Continuous Sign Language Recognition and Its Translation into Intonation-Colored Speech

Sensors 2023, 23(14), 6383; https://doi.org/10.3390/s23146383
by Nurzada Amangeldy 1, Aru Ukenova 1,*, Gulmira Bekmanova 1, Bibigul Razakhova 1, Marek Milosz 2 and Saule Kudubayeva 1
Reviewer 1:
Reviewer 3:
Sensors 2023, 23(14), 6383; https://doi.org/10.3390/s23146383
Submission received: 29 May 2023 / Revised: 4 July 2023 / Accepted: 5 July 2023 / Published: 13 July 2023
(This article belongs to the Section Physical Sensors)

Round 1

Reviewer 1 Report

The overall research question is interesting. These are some of the questions/ideas I had while reading the paper. Perhaps emphasizing these points will help improve the readability of the paper/quality of the work. 

- The labels in Figure 4 are too blurry to read. Please improve.

- What is the vocabulary size of the CSLR? Is it the words in Table 2? If that's the case, the vocabulary seems too small to be able to communicate effectively. Or is the vocabulary sub-word where the sign language user has to spell each word?

- I am not so sure information what Figures 7-20 are supposed to convey. What is the unit of the x-axis? The graphs are neither time-domain nor frequency-domain plot. Nor do they look like spectrum/spectrogram. Since the purpose of the system is to generate speech from sign language, maybe it would be better to compare the spectrogram (such as Short Time Fourier Transform) of the sound generated by the system compared to the speech of a normal speaker saying the same sentence?

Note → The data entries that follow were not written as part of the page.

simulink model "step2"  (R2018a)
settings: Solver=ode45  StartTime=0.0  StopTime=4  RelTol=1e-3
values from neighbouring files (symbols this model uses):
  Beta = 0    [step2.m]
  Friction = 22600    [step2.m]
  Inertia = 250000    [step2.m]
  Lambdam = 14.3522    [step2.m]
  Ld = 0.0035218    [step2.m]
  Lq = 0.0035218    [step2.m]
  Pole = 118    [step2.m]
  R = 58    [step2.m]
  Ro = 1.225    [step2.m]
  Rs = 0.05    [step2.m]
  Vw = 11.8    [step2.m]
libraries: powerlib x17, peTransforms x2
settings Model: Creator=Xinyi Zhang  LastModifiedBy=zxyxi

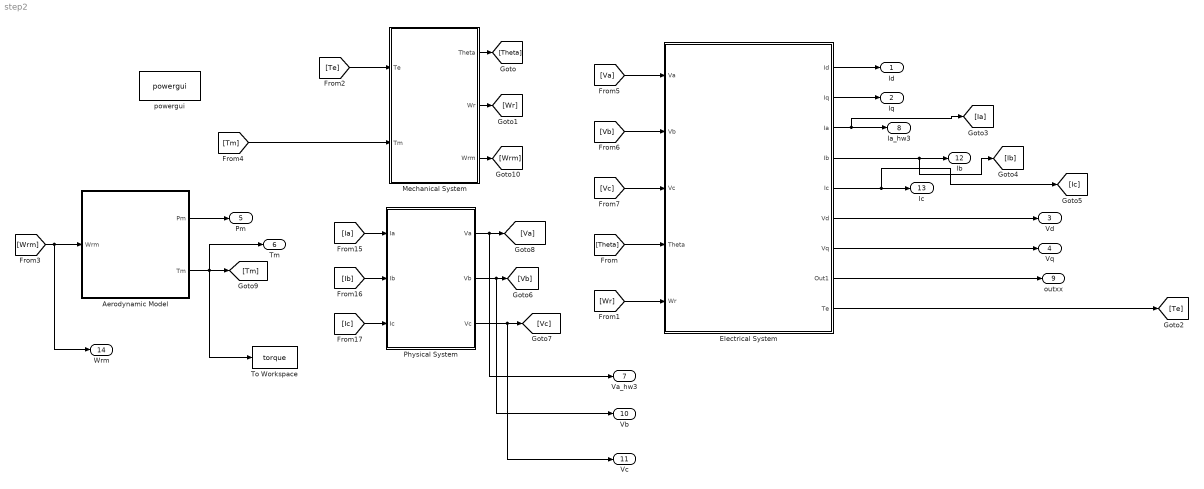
== system step2 ==
  "Aerodynamic Model " : Subsystem
  "Electrical System " : Subsystem
  "Mechanical System " : Subsystem
  "Physical System " : Subsystem
  To Workspace : ToWorkspace  VariableName=torque  SaveFormat=Timeseries  SampleTime=-1
  powergui : powerlib/powergui  Priority=1  SimulationMode=Discrete  SampleTime=50e-6  frequency=60  Iterations=50  frequencyindice=0  Pbase=100e6  ErrMax=1e-4  UnitsV=kV  UnitsW=MW  buscounter=0  FunctionMessages=off  echomessages=off  EnableUseOfTLC=off  CurrentSourceSwitches=off  DisableSnubberDevices=off  DisableRonSwitches=off  DisableVfSwitches=off  DisplayEquations=off  SolverType=Tustin/Backward Euler (TBE)  Interpol=off  ExternalGateDelay=off  methode=off  Ts=100  x0status=blocks  SPID=on  SwTol=0  HookPort=off  RestoreLinks=warning  ResistiveCurrentMeasurement=off  Frange=[0:2:500]  Ylog=off  Xlog=on  ShowGrid=off  save=off  variable=ZData  structure=0  ZoomFFT=off  StartTime=0.0  cycles=1  DisplayStyle=1  fundamental=60  FreqAxis=off  MaxFrequency=1000  frequencyindicesteady=1  RmsSteady=1  display=off
  Id : Outport
  Iq : Outport  Port=2
  "Vd " : Outport  Port=3
  "Vq " : Outport  Port=4
  Pm : Outport  Port=5
  Tm : Outport  Port=6
  "Va_hw3 " : Outport  Port=7
  "Ia_hw3 " : Outport  Port=8
  outxx : Outport  Port=9
  "Vb " : Outport  Port=10
  "Vc " : Outport  Port=11
  Ib : Outport  Port=12
  "Ic " : Outport  Port=13
  "Wrm " : Outport  Port=14
  wires:
  "Mechanical System "/1(Theta) -> [Theta]
  [Theta] -> "Electrical System "/4(Theta)
  [Wr] -> "Electrical System "/5(Wr)
  [Va] -> "Electrical System "/1(Va)
  [Vb] -> "Electrical System "/2(Vb)
  [Vc] -> "Electrical System "/3(Vc)
  "Mechanical System "/2(Wr) -> [Wr]
  "Electrical System "/1(Id) -> Id/1
  "Electrical System "/2(Iq) -> Iq/1
  [Ia] -> "Physical System "/1("Ia ")
  [Ib] -> "Physical System "/2("Ib ")
  [Ic] -> "Physical System "/3("Ic ")
  "Physical System "/1("Va ") -> "Va_hw3 "/1, [Va]
  "Physical System "/2("Vb ") -> "Vb "/1, [Vb]
  "Physical System "/3("Vc ") -> "Vc "/1, [Vc]
  [Te] -> "Mechanical System "/1(Te)
  "Electrical System "/4(Ib) -> Ib/1, [Ib]
  "Electrical System "/6("Vd ") -> "Vd "/1
  "Electrical System "/7("Vq ") -> "Vq "/1
  [Wrm] -> "Wrm "/1, "Aerodynamic Model "/1("Wrm ")
  "Aerodynamic Model "/1(Pm) -> Pm/1
  "Aerodynamic Model "/2(Tm) -> To Workspace/1, Tm/1, [Tm]
  "Mechanical System "/3("Wrm ") -> [Wrm]
  "Electrical System "/3(Ia) -> "Ia_hw3 "/1, [Ia]
  "Electrical System "/8(Out1) -> outxx/1
  "Electrical System "/9("Te ") -> [Te]
  [Tm] -> "Mechanical System "/2("Tm ")
  "Electrical System "/5(Ic) -> [Ic], "Ic "/1

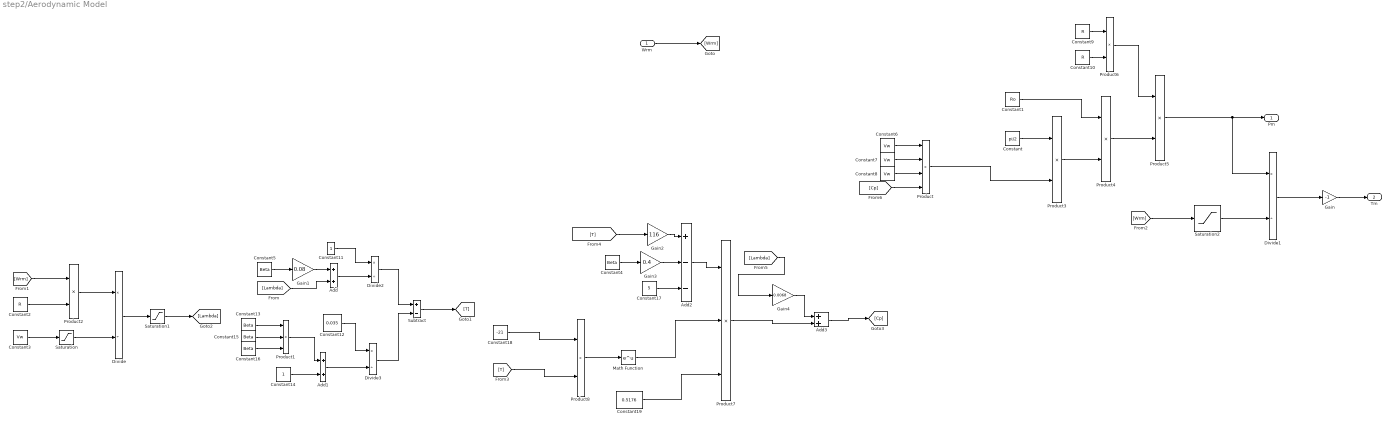
== system step2/Aerodynamic Model  ==
  "Wrm " : Inport
  Add : Sum
  Add1 : Sum
  Add2 : Sum  Inputs=+--
  Add3 : Sum
  Constant : Constant  Value=pi/2
  Constant1 : Constant  Value=Ro
  Constant10 : Constant  Value=R
  Constant11 : Constant
  Constant12 : Constant  Value=0.035
  Constant{4..5,13,15..16} (5 alike) : Constant  Value=Beta
  Constant14 : Constant
  Constant17 : Constant  Value=5
  Constant18 : Constant  Value=-21
  Constant19 : Constant  Value=0.5176
  Constant2 : Constant  Value=R
  Constant{3,6..8} (4 alike) : Constant  Value=Vw
  Constant9 : Constant  Value=R
  Divide{,1..3} (4 alike) : Product  Inputs=*/
  Gain : Gain  Gain=-1
  Gain1 : Gain  Gain=0.08
  Gain2 : Gain  Gain=116
  Gain3 : Gain  Gain=0.4
  Gain4 : Gain  Gain=0.0068
  Math Function : Math  SaturateOnIntegerOverflow=on
  Product : Product  Inputs=4
  Product1 : Product  Inputs=3
  Product{2..6,8} (6 alike) : Product
  Product7 : Product  Inputs=3
  Saturation : Saturate  UpperLimit=1e6  LowerLimit=1e-6
  Saturation1 : Saturate  UpperLimit=1e6  LowerLimit=1e-6
  Saturation2 : Saturate  UpperLimit=1e6  LowerLimit=1e-6
  Subtract : Sum  Inputs=+-
  Pm : Outport
  Tm : Outport  Port=2
  wires:
  [Wrm] -> Product2/1
  "Wrm "/1 -> [Wrm]
  Product2/1 -> Divide/1
  Saturation/1 -> Divide/2
  Divide/1 -> Saturation1/1
  Constant/1 -> Product3/1
  Product3/1 -> Product4/2
  Constant1/1 -> Product4/1
  Product4/1 -> Product5/2
  Product6/1 -> Product5/1
  Product5/1 -> Divide1/1, Pm/1
  Saturation2/1 -> Divide1/2
  Divide1/1 -> Gain/1
  Gain/1 -> Tm/1
  Constant2/1 -> Product2/2
  Constant3/1 -> Saturation/1
  Constant8/1 -> Product/3
  Constant7/1 -> Product/2
  Constant6/1 -> Product/1
  Constant9/1 -> Product6/1
  Constant10/1 -> Product6/2
  Product/1 -> Product3/2
  [Wrm] -> Saturation2/1
  Constant5/1 -> Gain1/1
  Gain1/1 -> Add/1
  [Lambda] -> Add/2
  Add/1 -> Divide2/2
  Constant11/1 -> Divide2/1
  Add1/1 -> Divide3/2
  Product1/1 -> Add1/1
  Constant12/1 -> Divide3/1
  Constant14/1 -> Add1/2
  Constant13/1 -> Product1/1
  Constant15/1 -> Product1/2
  Constant16/1 -> Product1/3
  Divide2/1 -> Subtract/1
  Divide3/1 -> Subtract/2
  Subtract/1 -> [T]
  Saturation1/1 -> [Lambda]
  Gain2/1 -> Add2/1
  [T] -> Gain2/1
  Constant4/1 -> Gain3/1
  Gain3/1 -> Add2/2
  Constant17/1 -> Add2/3
  Add2/1 -> Product7/1
  Math Function/1 -> Product7/2
  Constant19/1 -> Product7/3
  Product7/1 -> Add3/2
  [Lambda] -> Gain4/1
  Gain4/1 -> Add3/1
  Add3/1 -> [Cp]
  [Cp] -> Product/4
  Product8/1 -> Math Function/1
  Constant18/1 -> Product8/1
  [T] -> Product8/2

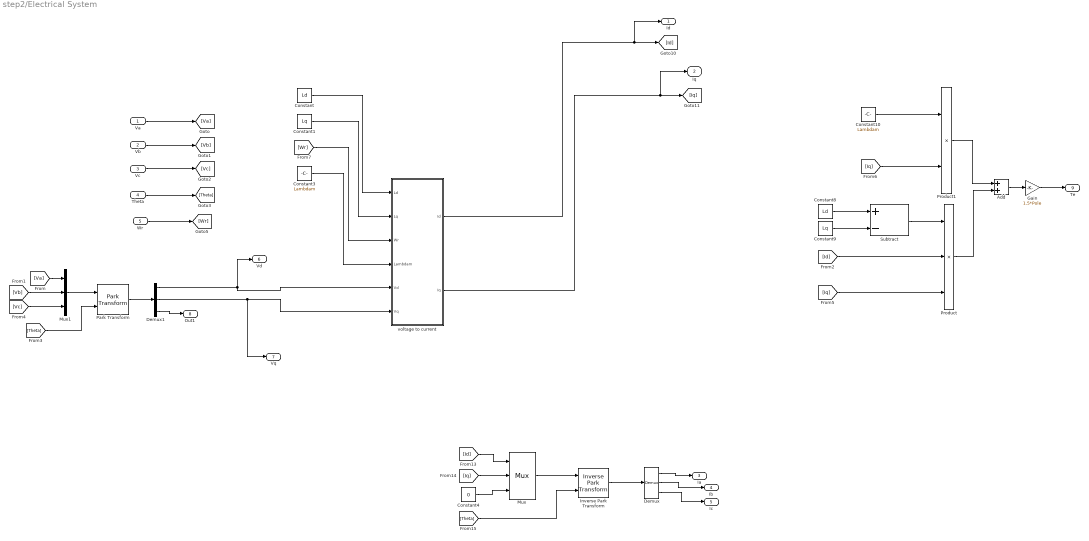
== system step2/Electrical System  ==
  Va : Inport
  Vb : Inport  Port=2
  Vc : Inport  Port=3
  Theta : Inport  Port=4
  Wr : Inport  Port=5
  Add : Sum
  Constant : Constant  Value=Ld
  Constant1 : Constant  Value=Lq
  Constant10 : Constant  Value=Lambdam
  Constant3 : Constant  Value=Lambdam
  Constant4 : Constant  Value=0
  Constant8 : Constant  Value=Ld
  Constant9 : Constant  Value=Lq
  Demux : Demux  Outputs=3
  Demux1 : Demux  Outputs=3
  Gain : Gain  Gain=1.5*Pole
  Inverse Park Transform : peTransforms/Inverse Park Transform  AxisAlignment=D-axis  PowerInvariant=off
  Mux : Mux  Inputs=3
  Mux1 : Mux  Inputs=3
  Park Transform : peTransforms/Park Transform  AxisAlignment=D-axis  PowerInvariant=off
  Product : Product  Inputs=3
  Product1 : Product
  Subtract : Sum  Inputs=+-
  voltage to current : Subsystem
  Id : Outport
  Iq : Outport  Port=2
  Ia : Outport  Port=3
  Ib : Outport  Port=4
  Ic : Outport  Port=5
  "Vd " : Outport  Port=6
  "Vq " : Outport  Port=7
  Out1 : Outport  Port=8
  "Te " : Outport  Port=9
  wires:
  Va/1 -> [Va]
  Vb/1 -> [Vb]
  Vc/1 -> [Vc]
  Theta/1 -> [Theta]
  Wr/1 -> [Wr]
  [Wr] -> voltage to current/3(Wr)
  Constant/1 -> voltage to current/1(Ld)
  Constant1/1 -> voltage to current/2("Lq ")
  Constant3/1 -> voltage to current/4(Lambdam)
  voltage to current/1(Id) -> Id/1, [Id]
  voltage to current/2(Iq) -> Iq/1, [Iq]
  [Id] -> Mux/1
  [Iq] -> Mux/2
  Constant4/1 -> Mux/3
  Demux/1 -> Ia/1
  Demux/2 -> Ib/1
  Demux/3 -> Ic/1
  [Va] -> Mux1/1
  [Vb] -> Mux1/2
  [Vc] -> Mux1/3
  Demux1/1 -> voltage to current/5("Vd "), "Vd "/1
  Demux1/2 -> "Vq "/1, voltage to current/6(Vq)
  Mux/1 -> Inverse Park Transform/1
  Inverse Park Transform/1 -> Demux/1
  [Theta] -> Inverse Park Transform/2
  Mux1/1 -> Park Transform/1
  [Theta] -> Park Transform/2
  Park Transform/1 -> Demux1/1
  Demux1/3 -> Out1/1
  Product/1 -> Add/2
  Add/1 -> Gain/1
  Product1/1 -> Add/1
  Constant9/1 -> Subtract/2
  Subtract/1 -> Product/1
  Gain/1 -> "Te "/1
  [Iq] -> Product/3
  Constant8/1 -> Subtract/1
  Constant10/1 -> Product1/1
  [Id] -> Product/2
  [Iq] -> Product1/2

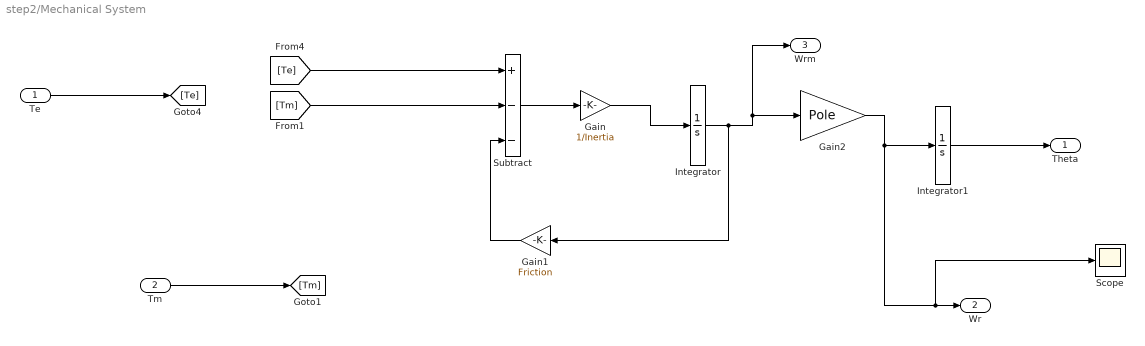
== system step2/Mechanical System  ==
  Te : Inport
  "Tm " : Inport  Port=2
  Gain : Gain  Gain=1/Inertia
  Gain1 : Gain  Gain=Friction
  Gain2 : Gain  Gain=Pole
  Integrator : Integrator
  Integrator1 : Integrator
  Scope : Scope
  Subtract : Sum  Inputs=+--
  Theta : Outport
  Wr : Outport  Port=2
  "Wrm " : Outport  Port=3
  wires:
  Integrator1/1 -> Theta/1
  Gain2/1 -> Scope/1, Wr/1, Integrator1/1
  Integrator/1 -> "Wrm "/1, Gain2/1, Gain1/1
  [Te] -> Subtract/1
  Te/1 -> [Te]
  Subtract/1 -> Gain/1
  Gain/1 -> Integrator/1
  Gain1/1 -> Subtract/3
  "Tm "/1 -> [Tm]
  [Tm] -> Subtract/2

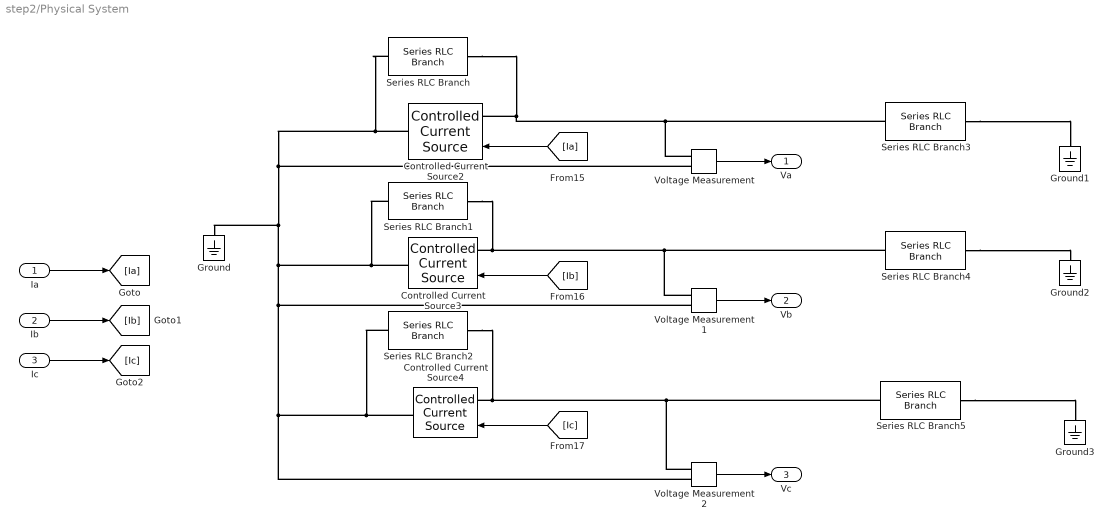
== system step2/Physical System  ==
  "Ia " : Inport
  "Ib " : Inport  Port=2
  "Ic " : Inport  Port=3
  Controlled Current Source2 : powerlib/Electrical Sources/Controlled Current Source  Initialize=on  Source_Type=AC  Amplitude=0  Phase=0  Frequency=0  Measurements=None
  Controlled Current Source3 : powerlib/Electrical Sources/Controlled Current Source  Initialize=on  Source_Type=AC  Amplitude=0  Phase=0  Frequency=0  Measurements=None
  Controlled Current Source4 : powerlib/Electrical Sources/Controlled Current Source  Initialize=on  Source_Type=AC  Amplitude=0  Phase=0  Frequency=0  Measurements=None
  Ground{,1..3} (4 alike) : powerlib/Elements/Ground  LConnTagsString=a
  Series RLC Branch : powerlib/Elements/Series RLC Branch  LConnTagsString=__new0  RConnTagsString=__new0  BranchType=R  Resistance=1000000  Inductance=1e-3  SetiL0=off  InitialCurrent=0  Capacitance=1e-6  Setx0=off  InitialVoltage=0  Measurements=None
  Series RLC Branch1 : powerlib/Elements/Series RLC Branch  LConnTagsString=__new0  RConnTagsString=__new0  BranchType=R  Resistance=1000000  Inductance=1e-3  SetiL0=off  InitialCurrent=0  Capacitance=1e-6  Setx0=off  InitialVoltage=0  Measurements=None
  Series RLC Branch2 : powerlib/Elements/Series RLC Branch  LConnTagsString=__new0  RConnTagsString=__new0  BranchType=R  Resistance=1000000  Inductance=1e-3  SetiL0=off  InitialCurrent=0  Capacitance=1e-6  Setx0=off  InitialVoltage=0  Measurements=None
  Series RLC Branch3 : powerlib/Elements/Series RLC Branch  LConnTagsString=__new0  RConnTagsString=__new0  BranchType=R  Resistance=10  Inductance=1e-3  SetiL0=off  InitialCurrent=0  Capacitance=1e-6  Setx0=off  InitialVoltage=0  Measurements=None
  Series RLC Branch4 : powerlib/Elements/Series RLC Branch  LConnTagsString=__new0  RConnTagsString=__new0  BranchType=R  Resistance=10  Inductance=1e-3  SetiL0=off  InitialCurrent=0  Capacitance=1e-6  Setx0=off  InitialVoltage=0  Measurements=None
  Series RLC Branch5 : powerlib/Elements/Series RLC Branch  LConnTagsString=__new0  RConnTagsString=__new0  BranchType=R  Resistance=10  Inductance=1e-3  SetiL0=off  InitialCurrent=0  Capacitance=1e-6  Setx0=off  InitialVoltage=0  Measurements=None
  Voltage Measurement : powerlib/Measurements/Voltage Measurement  PhasorSimulation=off  OutputType=Complex  PSBequivalent=0
  Voltage Measurement1 : powerlib/Measurements/Voltage Measurement  PhasorSimulation=off  OutputType=Complex  PSBequivalent=0
  Voltage Measurement2 : powerlib/Measurements/Voltage Measurement  PhasorSimulation=off  OutputType=Complex  PSBequivalent=0
  "Va " : Outport
  "Vb " : Outport  Port=2
  "Vc " : Outport  Port=3
  wires:
  [Ib] -> Controlled Current Source3/1
  [Ia] -> Controlled Current Source2/1
  [Ic] -> Controlled Current Source4/1
  "Ia "/1 -> [Ia]
  "Ib "/1 -> [Ib]
  "Ic "/1 -> [Ic]
  Voltage Measurement/1 -> "Va "/1
  Voltage Measurement1/1 -> "Vb "/1
  Voltage Measurement2/1 -> "Vc "/1
  connections:
  Controlled Current Source2/RConn1 -- Series RLC Branch/LConn1 -- Voltage Measurement2/LConn2 -- Series RLC Branch2/LConn1 -- Controlled Current Source4/RConn1 -- Voltage Measurement1/LConn2 -- Series RLC Branch1/LConn1 -- Controlled Current Source3/RConn1 -- Ground/LConn1 -- Voltage Measurement/LConn2
  Series RLC Branch/RConn1 -- Voltage Measurement/LConn1 -- Series RLC Branch3/LConn1 -- Controlled Current Source2/LConn1
  Series RLC Branch1/RConn1 -- Voltage Measurement1/LConn1 -- Series RLC Branch4/LConn1 -- Controlled Current Source3/LConn1
  Series RLC Branch2/RConn1 -- Voltage Measurement2/LConn1 -- Series RLC Branch5/LConn1 -- Controlled Current Source4/LConn1
  Series RLC Branch3/RConn1 -- Ground1/LConn1
  Series RLC Branch4/RConn1 -- Ground2/LConn1
  Series RLC Branch5/RConn1 -- Ground3/LConn1

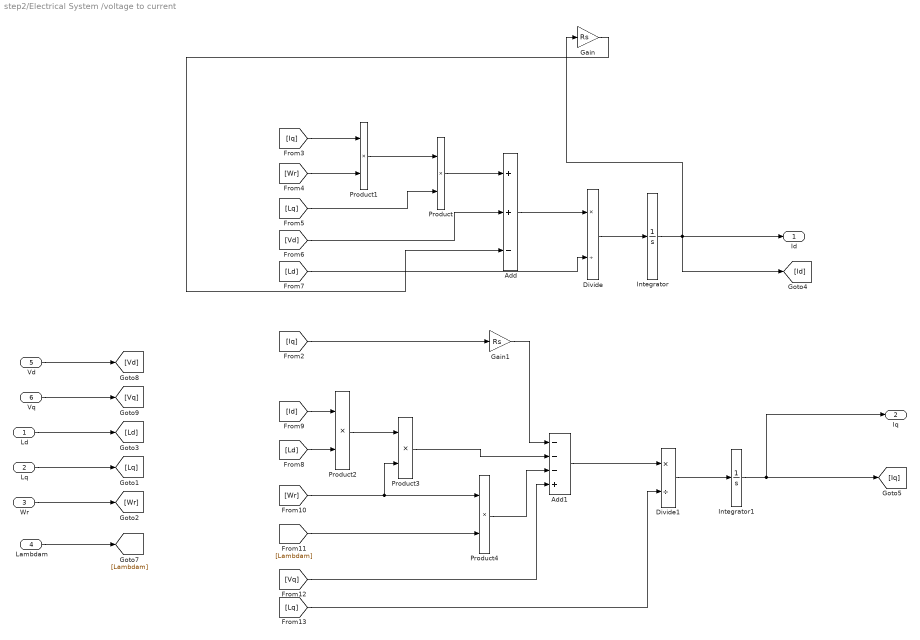
== system step2/Electrical System /voltage to current ==
  Ld : Inport
  "Lq " : Inport  Port=2
  Wr : Inport  Port=3
  Lambdam : Inport  Port=4
  "Vd " : Inport  Port=5
  Vq : Inport  Port=6
  Add : Sum  Inputs=++-
  Add1 : Sum  Inputs=---+
  Divide : Product  Inputs=*/
  Divide1 : Product  Inputs=*/
  Gain : Gain  Gain=Rs
  Gain1 : Gain  Gain=Rs
  Integrator : Integrator
  Integrator1 : Integrator
  Product{,1..4} (5 alike) : Product
  Id : Outport
  Iq : Outport  Port=2
  wires:
  Integrator/1 -> [Id], Gain/1, Id/1
  [Wr] -> Product3/2, Product4/1
  Product2/1 -> Product3/1
  Product1/1 -> Product/1
  Divide1/1 -> Integrator1/1
  Add/1 -> Divide/1
  [Id] -> Product2/1
  [Lambdam] -> Product4/2
  Divide/1 -> Integrator/1
  Integrator1/1 -> Iq/1, [Iq]
  [Iq] -> Product1/1
  [Wr] -> Product1/2
  [Lq] -> Product/2
  [Ld] -> Divide/2
  Product3/1 -> Add1/2
  [Vd] -> Add/2
  Add1/1 -> Divide1/1
  [Lq] -> Divide1/2
  [Ld] -> Product2/2
  Product/1 -> Add/1
  Product4/1 -> Add1/3
  [Vq] -> Add1/4
  Wr/1 -> [Wr]
  Ld/1 -> [Ld]
  "Lq "/1 -> [Lq]
  Lambdam/1 -> [Lambdam]
  "Vd "/1 -> [Vd]
  Vq/1 -> [Vq]
  Gain/1 -> Add/3
  [Iq] -> Gain1/1
  Gain1/1 -> Add1/1

- To demonstrate the effectiveness of intonation speech synthesis, is it possible to pass the resulting speech through a speech recognition model and see if it successfully recognizes the intended message? The word error rate of the speech recognition model can then be used to measure the overall performance of the system. I recognize that this is a lot of work so it's just a suggestion.

 

Author Response

Thank you for reviewing our research paper and for your comments, which helped us to get our writing correct and improve it. We have taken all the comments into account and made corrections according to them.

Author Response File: Author Response.pdf

Reviewer 2 Report

The authors presented a methodology for recognizing sign language and posterior conversion into intonated speech signals. The paper proposes an interesting application that will (potentially) improve people's communication. I'm leaning towards accepting the paper; however, it can benefit from some revision before considering it for publication.

 

Major concerns:

  • The introduction should start with the definition of the problem, how it has been addressed, and finally, what the proposed approach is. The current version of the introduction begins with a summary of the methodology followed by the authors, which I think should be in the first part of the section "Methods."
  • I suggest explicitly writing this work's contributions in a subsection after the related work. Also, make the related work a subsection of the introduction.
  • The speech synthesis approach needs a better metric to measure precision. Commonly, people use the mean opinion score (MOS) for evaluation.
  • I'm not convinced about using the "Sound frequency" to analyze intonation and emotion. If I understood correctly, this is simply the sum of the energy components of speech segments; however, the phonetic content can vary depending on the sounds analyzed; thus, the graph seems more related to the sounds than the prosody. Please clarify how this measure works and how we can be sure that is the emotion/intonation we see in Figures 7 to 20.
  • There should be a "Data" section describing the type of recordings used, how they were acquired, the number of participants, and information about the setup used for the acquisition. At the moment, the data description is all over the manuscript.

 

 

Minor comments:

  • The abstract should contain information about the data considered for the study, the number of subjects, and the main results for sign language recognition, the NLP processor, and speech synthesis.
  • Some abbreviations are not defined, e.g., SL, CSLR, NLP.
  • Figure 4 is too small. It is not possible to read the labels or the numbers.
  • Figures 18.a and 19.a are the same, even though these are supposed to display different information. Is this an error? 
  • Page 15. "Morphological corrector (word modifier)" should be formatted as a subsection section (3.5).
  • Page 6. The sentence "The obtained features were trained using a single LSTM layer.." is unclear. Was the LSTM trained with the gesture data? Please rephrase.
  • There should be a short description of the model/tool used to automatically detect the region of interest (ROI).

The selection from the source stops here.